Выложить тесто в круглую форму и сформировать бортики. 
Для начинки пропустить творог через мясорубку. Взбить масло с сахаром, добавить 2 яйца, творог, цедру, изюм. Все перемешать. 
Начинку выложить на форму ровным слоем и смазать взбитым яйцом. 
Пирог выпекать на средней мощности 5 минут, потом еще 6 минут на полной мощности. 
Готовому пирогу дать отстояться.

----------


## Sanych

*РУЛЕТ ИЗ МЯСА ЦЫПЛЕНКА* 
Ингредиенты: 
- 1 цыпленок, 
- 100 г бекона, 
- 2-3 ломтика белого хлеба, 
- 4 ст. ложки муки, 
- 100 г сыра, 
- 2 зубчика чеснока, 
- 1/2 стакана сливок, 
- 2 ст. ложки кетчупа, 
- соль по вкусу. 
* Приготовление* 
Режим мощности - полная мощность. 
Цыпленок должен быть крупным, примерно 1 кг. Аккуратно отделить белое мясо с грудки, обвалять в муке и положить в кастрюлю.
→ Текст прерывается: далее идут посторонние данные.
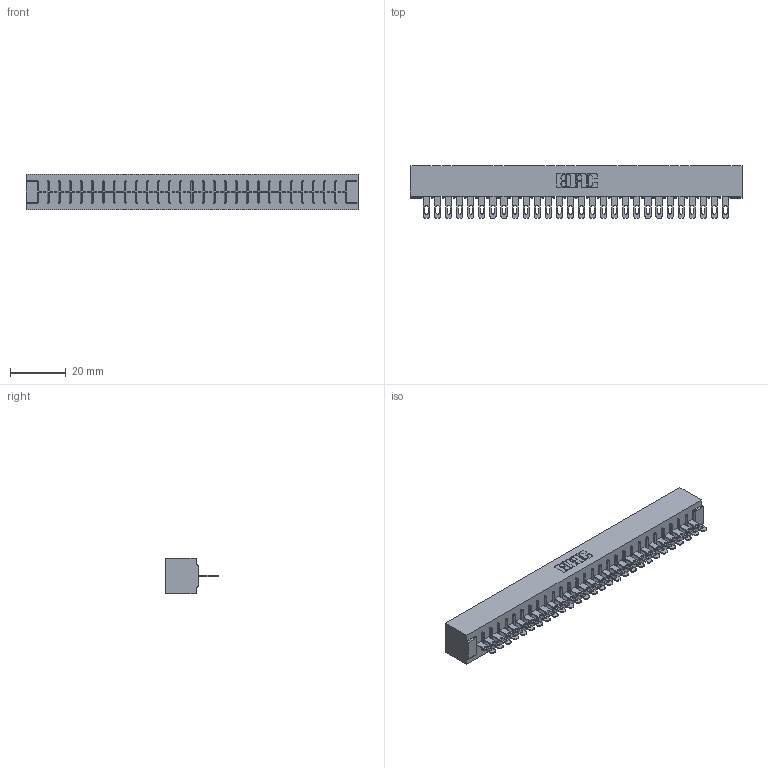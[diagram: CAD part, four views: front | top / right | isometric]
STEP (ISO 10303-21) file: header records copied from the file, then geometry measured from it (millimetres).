
FILE_DESCRIPTION (( 'STEP AP203' ), '1' );
FILE_NAME ('316-028-500-101.STEP', '2018-07-31T02:50:52', ( '' ), ( '' ), 'SwSTEP 2.0', 'SolidWorks 2016', '' );
FILE_SCHEMA (( 'CONFIG_CONTROL_DESIGN' ));
Length unit declared in the file: inch
Products named in the file (3): 306 Part_No Mounting; 306-290-001_100; 316-028-500-101
Assembly tree (29 placements, depth 2):
  316-028-500-101
    306 Part_No Mounting
    306-290-001_100  x28
Bounding box: 118.82 x 18.87 x 12.7 mm (x, y, z)
Volume: 13686.8 mm3; surface area: 14520.5 mm2
Topology: 29 solids, 29 shells, 2236 faces, 6312 edges, 4056 vertices
Faces by surface type: plane 1464, cylinder 660, sphere 112
Entity records: 27811 total; most frequent: CARTESIAN_POINT 4667, ORIENTED_EDGE 4624, DIRECTION 4604, EDGE_CURVE 2312, VECTOR 1802, LINE 1802, VERTEX_POINT 1464, AXIS2_PLACEMENT_3D 1401
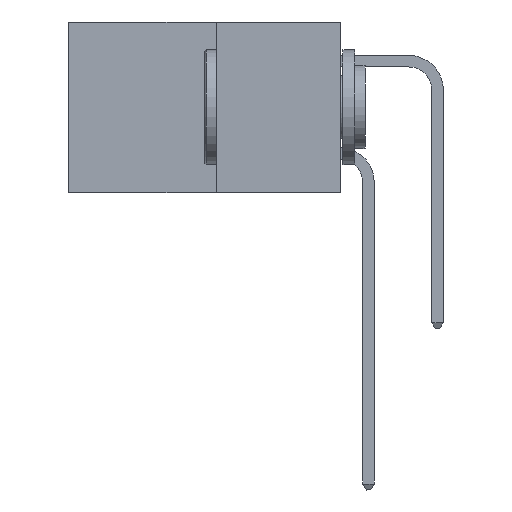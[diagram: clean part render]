
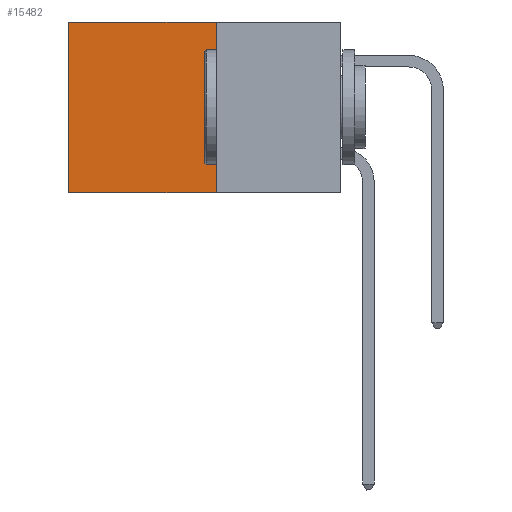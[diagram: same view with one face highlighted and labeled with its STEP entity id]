
A CAD part, left-side view. The second image highlights one B-rep face of the part: STEP entity #15482.
In plain terms, the highlighted planar face has unit normal (-1, 0, 0).
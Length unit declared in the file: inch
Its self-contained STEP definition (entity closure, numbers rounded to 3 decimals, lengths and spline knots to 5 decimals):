
#430 = AXIS2_PLACEMENT_3D ( 'NONE', #4755, #19696, #8592 ) ;
#905 = LINE ( 'NONE', #3678, #10433 ) ;
#984 = VECTOR ( 'NONE', #6664, 39.37008 ) ;
#1151 = LINE ( 'NONE', #18366, #5651 ) ;
#2299 = VERTEX_POINT ( 'NONE', #7550 ) ;
#2353 = EDGE_LOOP ( 'NONE', ( #20475, #9469, #4730, #11911 ) ) ;
#2533 = CARTESIAN_POINT ( 'NONE',  ( 0.277, 0.59, -0.37 ) ) ;
#3412 = VERTEX_POINT ( 'NONE', #2533 ) ;
#3678 = CARTESIAN_POINT ( 'NONE',  ( 0.277, 0.27, -0.37 ) ) ;
#3766 = VERTEX_POINT ( 'NONE', #22767 ) ;
#4730 = ORIENTED_EDGE ( 'NONE', *, *, #17891, .F. ) ;
#4755 = CARTESIAN_POINT ( 'NONE',  ( 0.277, 0.27, -0.37 ) ) ;
#5651 = VECTOR ( 'NONE', #20263, 39.37008 ) ;
#6098 = LINE ( 'NONE', #15941, #984 ) ;
#6664 = DIRECTION ( 'NONE',  ( 0., 1., 0. ) ) ;
#6692 = PLANE ( 'NONE',  #430 ) ;
#7299 = DIRECTION ( 'NONE',  ( 0., 0., -1. ) ) ;
#7550 = CARTESIAN_POINT ( 'NONE',  ( 0.277, 0.27, 0. ) ) ;
#7688 = VECTOR ( 'NONE', #7299, 39.37008 ) ;
#8592 = DIRECTION ( 'NONE',  ( 0., 0., -1. ) ) ;
#9469 = ORIENTED_EDGE ( 'NONE', *, *, #19355, .F. ) ;
#10103 = CARTESIAN_POINT ( 'NONE',  ( 0.277, 0.27, -0.37 ) ) ;
#10350 = EDGE_CURVE ( 'NONE', #3766, #3412, #18125, .T. ) ;
#10433 = VECTOR ( 'NONE', #11207, 39.37008 ) ;
#11207 = DIRECTION ( 'NONE',  ( 0., 0., -1. ) ) ;
#11911 = ORIENTED_EDGE ( 'NONE', *, *, #13744, .T. ) ;
#13744 = EDGE_CURVE ( 'NONE', #2299, #3766, #1151, .T. ) ;
#15482 = ADVANCED_FACE ( 'NONE', ( #16063 ), #6692, .F. ) ;
#15941 = CARTESIAN_POINT ( 'NONE',  ( 0.277, 0.27, -0.37 ) ) ;
#16063 = FACE_OUTER_BOUND ( 'NONE', #2353, .T. ) ;
#17891 = EDGE_CURVE ( 'NONE', #2299, #23030, #905, .T. ) ;
#18125 = LINE ( 'NONE', #23908, #7688 ) ;
#18366 = CARTESIAN_POINT ( 'NONE',  ( 0.277, 0.27, 0. ) ) ;
#19355 = EDGE_CURVE ( 'NONE', #23030, #3412, #6098, .T. ) ;
#19696 = DIRECTION ( 'NONE',  ( 1., 0., 0. ) ) ;
#20263 = DIRECTION ( 'NONE',  ( 0., 1., 0. ) ) ;
#20475 = ORIENTED_EDGE ( 'NONE', *, *, #10350, .T. ) ;
#22767 = CARTESIAN_POINT ( 'NONE',  ( 0.277, 0.59, 0. ) ) ;
#23030 = VERTEX_POINT ( 'NONE', #10103 ) ;
#23908 = CARTESIAN_POINT ( 'NONE',  ( 0.277, 0.59, -0.37 ) ) ;
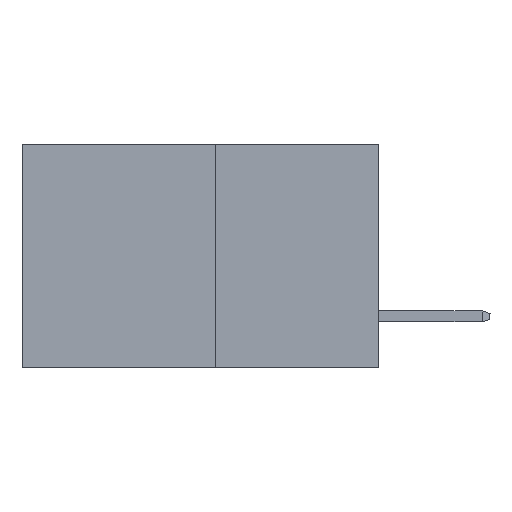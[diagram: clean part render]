
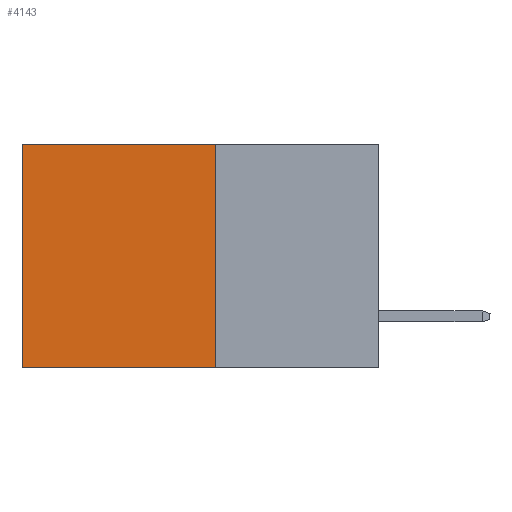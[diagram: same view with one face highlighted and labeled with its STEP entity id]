
A CAD part, left-side view. The second image highlights one B-rep face of the part: STEP entity #4143.
In plain terms, the highlighted planar face has unit normal (-1, 0, 0).
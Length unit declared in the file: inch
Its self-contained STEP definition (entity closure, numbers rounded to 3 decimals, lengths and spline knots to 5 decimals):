
#330 = VERTEX_POINT ( 'NONE', #10010 ) ;
#670 = VERTEX_POINT ( 'NONE', #10265 ) ;
#835 = CARTESIAN_POINT ( 'NONE',  ( 0.277, 0.27, -0.37 ) ) ;
#922 = EDGE_CURVE ( 'NONE', #2797, #670, #10425, .T. ) ;
#929 = ORIENTED_EDGE ( 'NONE', *, *, #11727, .T. ) ;
#1316 = FACE_OUTER_BOUND ( 'NONE', #10411, .T. ) ;
#1929 = EDGE_CURVE ( 'NONE', #330, #2797, #5832, .T. ) ;
#2237 = VECTOR ( 'NONE', #5999, 39.37008 ) ;
#2704 = CARTESIAN_POINT ( 'NONE',  ( 0.277, 0.27, -0.37 ) ) ;
#2732 = DIRECTION ( 'NONE',  ( 0., 1., 0. ) ) ;
#2797 = VERTEX_POINT ( 'NONE', #5169 ) ;
#3555 = VECTOR ( 'NONE', #8559, 39.37008 ) ;
#3775 = ORIENTED_EDGE ( 'NONE', *, *, #1929, .F. ) ;
#3859 = PLANE ( 'NONE',  #8835 ) ;
#4143 = ADVANCED_FACE ( 'NONE', ( #1316 ), #3859, .F. ) ;
#4469 = CARTESIAN_POINT ( 'NONE',  ( 0.277, 0.59, 0. ) ) ;
#5169 = CARTESIAN_POINT ( 'NONE',  ( 0.277, 0.27, -0.37 ) ) ;
#5832 = LINE ( 'NONE', #835, #3555 ) ;
#5999 = DIRECTION ( 'NONE',  ( 0., 0., -1. ) ) ;
#6320 = ORIENTED_EDGE ( 'NONE', *, *, #922, .F. ) ;
#6413 = LINE ( 'NONE', #9970, #9027 ) ;
#6484 = DIRECTION ( 'NONE',  ( 1., 0., 0. ) ) ;
#7861 = VECTOR ( 'NONE', #11091, 39.37008 ) ;
#8559 = DIRECTION ( 'NONE',  ( 0., 0., -1. ) ) ;
#8835 = AXIS2_PLACEMENT_3D ( 'NONE', #13249, #6484, #11849 ) ;
#8981 = VERTEX_POINT ( 'NONE', #4469 ) ;
#9027 = VECTOR ( 'NONE', #2732, 39.37008 ) ;
#9970 = CARTESIAN_POINT ( 'NONE',  ( 0.277, 0.27, 0. ) ) ;
#10010 = CARTESIAN_POINT ( 'NONE',  ( 0.277, 0.27, 0. ) ) ;
#10265 = CARTESIAN_POINT ( 'NONE',  ( 0.277, 0.59, -0.37 ) ) ;
#10411 = EDGE_LOOP ( 'NONE', ( #13277, #6320, #3775, #929 ) ) ;
#10425 = LINE ( 'NONE', #2704, #7861 ) ;
#10518 = LINE ( 'NONE', #10801, #2237 ) ;
#10635 = EDGE_CURVE ( 'NONE', #8981, #670, #10518, .T. ) ;
#10801 = CARTESIAN_POINT ( 'NONE',  ( 0.277, 0.59, -0.37 ) ) ;
#11091 = DIRECTION ( 'NONE',  ( 0., 1., 0. ) ) ;
#11727 = EDGE_CURVE ( 'NONE', #330, #8981, #6413, .T. ) ;
#11849 = DIRECTION ( 'NONE',  ( 0., 0., -1. ) ) ;
#13249 = CARTESIAN_POINT ( 'NONE',  ( 0.277, 0.27, -0.37 ) ) ;
#13277 = ORIENTED_EDGE ( 'NONE', *, *, #10635, .T. ) ;

Сыр натереть на терке, чеснок растолочь, хлеб раскрошить. Смешать сыр, хлеб и чеснок, добавить немного сливок, хорошо перемешать и сформировать колбаску. Выложить ее на мясо цыпленка, скатать рулетиком, обернуть тонким ломтиком бекона и связать ниткой. 
Рулет положить в кастрюлю, накрыть крышкой и нагревать 5 минут. Затем перевернуть и нагревать еще 5 минут. 
Оставшиеся сливки смешать с кетчупом. Этим соусом полить рулет и подавать к столу. 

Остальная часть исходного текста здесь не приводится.